Cos’è il Morbo di Crohn? Cause e sintomi

Cos’è il Morbo di Crohn?
Definita come malattia infiammatoria il morbo di Crohn è una malattia cronica che colpisce l’apparato digerente, tra le parti più interessate possiamo vedere l’ileo terminale e il colon, ma essa a sua volta può colpire anche la bocca dell’ano, i quest’ultima non ha fissa dimora quindi può localizzarsi dovunque.
Per conoscere meglio questa malattia dell’apparato digerente è anche giusto conoscerla meglio attraverso i suoi sintomi che possono variare da individuo a individuo in base al proprio stato, ma a grandi linee quelli più conosciuti sono:
Dolori addominali, diarrea, vomito e perdita di peso.
Per il morbo-di-crohn, non c’è ancora una cura definitiva che possa curare in tutto e per tutto la malattia, ma esistono esami da fare che possono, e farmaci che che possono controllare è prevenire le ricadute che in questa malattia sono abbastanza frequenti.

Cause del mordo di Crohn

Le cause a riguardo di questa malattia ancora non sono del tutto conosciute, ma l’unica cosa che si sa è questa malattia provoca delle alterazioni del sistema immunitario e sopratutto della mucosa intestinale.
Importante anche da dire, è che ci sono tre fattori che è meglio conoscere.
Il primo fattore riguarda quello del gene NOD2 che risulta essere alterato nei pazienti che hanno questa malattia.
Il secondo fattore dovuto alla microflora, qui si può creare un danneggiamento dei tessuti che possono essere innescati da batteri o da vari fattori ambientali.
Questo accade perchè nel morbo l’infiammazione non è controllata è quindi a differenza di un oggetto sano dove si vanno a formare anticorpi chiamati Immunoglobuline A detti anche IgA
Il terzo fattore invece è legato ai farmaci, specialmente antinfiammatori non steroidei detti anche (FANS) che possono provocare malessere, una cosa molto importane da sapere è quello che nei soggetti fumatori il rischio è maggiore.
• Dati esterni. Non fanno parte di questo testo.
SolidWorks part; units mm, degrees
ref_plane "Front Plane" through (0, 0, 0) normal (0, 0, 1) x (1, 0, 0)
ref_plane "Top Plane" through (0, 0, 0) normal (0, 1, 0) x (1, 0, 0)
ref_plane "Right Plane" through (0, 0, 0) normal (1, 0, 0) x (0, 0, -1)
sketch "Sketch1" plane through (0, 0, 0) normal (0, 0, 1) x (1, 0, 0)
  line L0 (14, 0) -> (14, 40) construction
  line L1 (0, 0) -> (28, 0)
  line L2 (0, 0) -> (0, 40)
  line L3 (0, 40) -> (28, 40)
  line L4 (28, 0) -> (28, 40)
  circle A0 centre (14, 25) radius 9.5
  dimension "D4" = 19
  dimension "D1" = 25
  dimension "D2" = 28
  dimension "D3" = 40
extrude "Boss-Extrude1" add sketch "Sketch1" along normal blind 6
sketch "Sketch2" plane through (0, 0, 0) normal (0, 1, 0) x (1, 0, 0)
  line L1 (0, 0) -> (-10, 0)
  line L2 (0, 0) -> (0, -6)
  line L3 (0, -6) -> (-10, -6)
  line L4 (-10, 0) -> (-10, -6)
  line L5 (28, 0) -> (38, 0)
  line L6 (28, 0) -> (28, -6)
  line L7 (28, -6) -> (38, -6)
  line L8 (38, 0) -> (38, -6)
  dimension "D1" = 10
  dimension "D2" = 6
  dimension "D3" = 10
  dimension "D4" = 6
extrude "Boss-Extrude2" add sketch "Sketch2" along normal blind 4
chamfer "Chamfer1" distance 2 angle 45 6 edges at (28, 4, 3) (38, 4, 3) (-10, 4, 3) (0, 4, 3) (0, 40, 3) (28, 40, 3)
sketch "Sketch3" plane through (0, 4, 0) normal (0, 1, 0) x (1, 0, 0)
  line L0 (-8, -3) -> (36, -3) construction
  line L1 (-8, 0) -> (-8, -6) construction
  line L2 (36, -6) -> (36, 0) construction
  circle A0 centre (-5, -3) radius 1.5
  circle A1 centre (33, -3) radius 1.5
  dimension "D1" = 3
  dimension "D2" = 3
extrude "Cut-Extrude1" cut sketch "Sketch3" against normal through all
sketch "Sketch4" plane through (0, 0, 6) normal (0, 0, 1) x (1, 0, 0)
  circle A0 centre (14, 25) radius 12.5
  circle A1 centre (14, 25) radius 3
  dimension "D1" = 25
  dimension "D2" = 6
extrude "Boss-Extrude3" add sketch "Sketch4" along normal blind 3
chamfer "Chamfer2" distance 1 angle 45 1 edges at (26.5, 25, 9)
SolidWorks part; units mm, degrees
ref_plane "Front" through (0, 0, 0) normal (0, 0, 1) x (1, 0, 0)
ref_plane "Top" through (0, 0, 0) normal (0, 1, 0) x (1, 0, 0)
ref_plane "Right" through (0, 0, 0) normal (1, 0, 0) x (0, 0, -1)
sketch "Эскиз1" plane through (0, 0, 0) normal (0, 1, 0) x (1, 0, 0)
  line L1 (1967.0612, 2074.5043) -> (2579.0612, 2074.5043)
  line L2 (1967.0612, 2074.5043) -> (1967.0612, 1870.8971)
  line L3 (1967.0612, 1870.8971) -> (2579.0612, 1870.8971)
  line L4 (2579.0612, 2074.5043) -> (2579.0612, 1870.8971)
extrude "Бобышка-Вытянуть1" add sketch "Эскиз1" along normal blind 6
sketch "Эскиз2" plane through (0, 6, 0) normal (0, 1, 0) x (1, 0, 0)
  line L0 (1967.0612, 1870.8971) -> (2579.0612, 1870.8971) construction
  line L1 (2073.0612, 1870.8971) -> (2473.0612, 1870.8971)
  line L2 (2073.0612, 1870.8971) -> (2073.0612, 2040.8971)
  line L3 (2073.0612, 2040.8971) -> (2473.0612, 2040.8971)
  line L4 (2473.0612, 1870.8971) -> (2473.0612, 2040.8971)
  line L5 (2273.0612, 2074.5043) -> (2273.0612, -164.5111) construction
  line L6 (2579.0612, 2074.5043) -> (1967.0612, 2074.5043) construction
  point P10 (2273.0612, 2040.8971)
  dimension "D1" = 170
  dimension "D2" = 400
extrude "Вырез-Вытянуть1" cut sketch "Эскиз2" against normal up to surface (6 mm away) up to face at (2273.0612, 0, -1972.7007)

Dove si creano le lesioni?
Prima abbiamo specificato le diverse parti dove si possono creare le lesioni, si è notato che lesioni non hanno un posto fisso, ma che sembrano colpire diverse parti in modo contemporaneo, caso dell’intestino tenue e parte del colon. Tali lesioni vengono chiamate lesioni a salto che vedono tratti indenni e tratti colpiti tali tratti possono andare da una lunghezza che può variare da 5 a 30 cm.

Tale tessuto che viene colpito da queste lesioni diventa tessuto morto, diventato morto esso può provocare ulcere che a sua volta creano fistole, una volta che si creano quest’ultime possiamo dire che si può propagare in altri organi.

Conseguenze del mordo di Crohn
Le conseguenze vedono problematiche sopratutto nel riassorbimento di diverse sostanze, che possono essere vitamine o altre sostanze. Quando tutto ciò viene compromesso avviene il fenomeno della diarrea che molto spesso è frequente nella malattia.

Sintomi mordo di Crohn

Molto spesso questa malattia colpisce in età molto giovane, sopratutto tra i 20 e i 40 anni, a può capitare anche che possa insorgere in età più avanzata 60 anni.
I principali sintomi che si possono avvertire sono: febbre, dolori addominali sopratutto nella parte destra dell’addome, posto maggiormente colpito da tale malattia.
Altri sintomi possono essere scariche di diarrea che possono raggiungere le 3/4 sedi al giorno, ci si accorge perchè le feci sono semiliquide e molto spesso acquose.
Può capitare che le feci presentino sangue, quindi qualora avvertite sintomi di questo genere chiedete al vostro dottore una visita specialistica.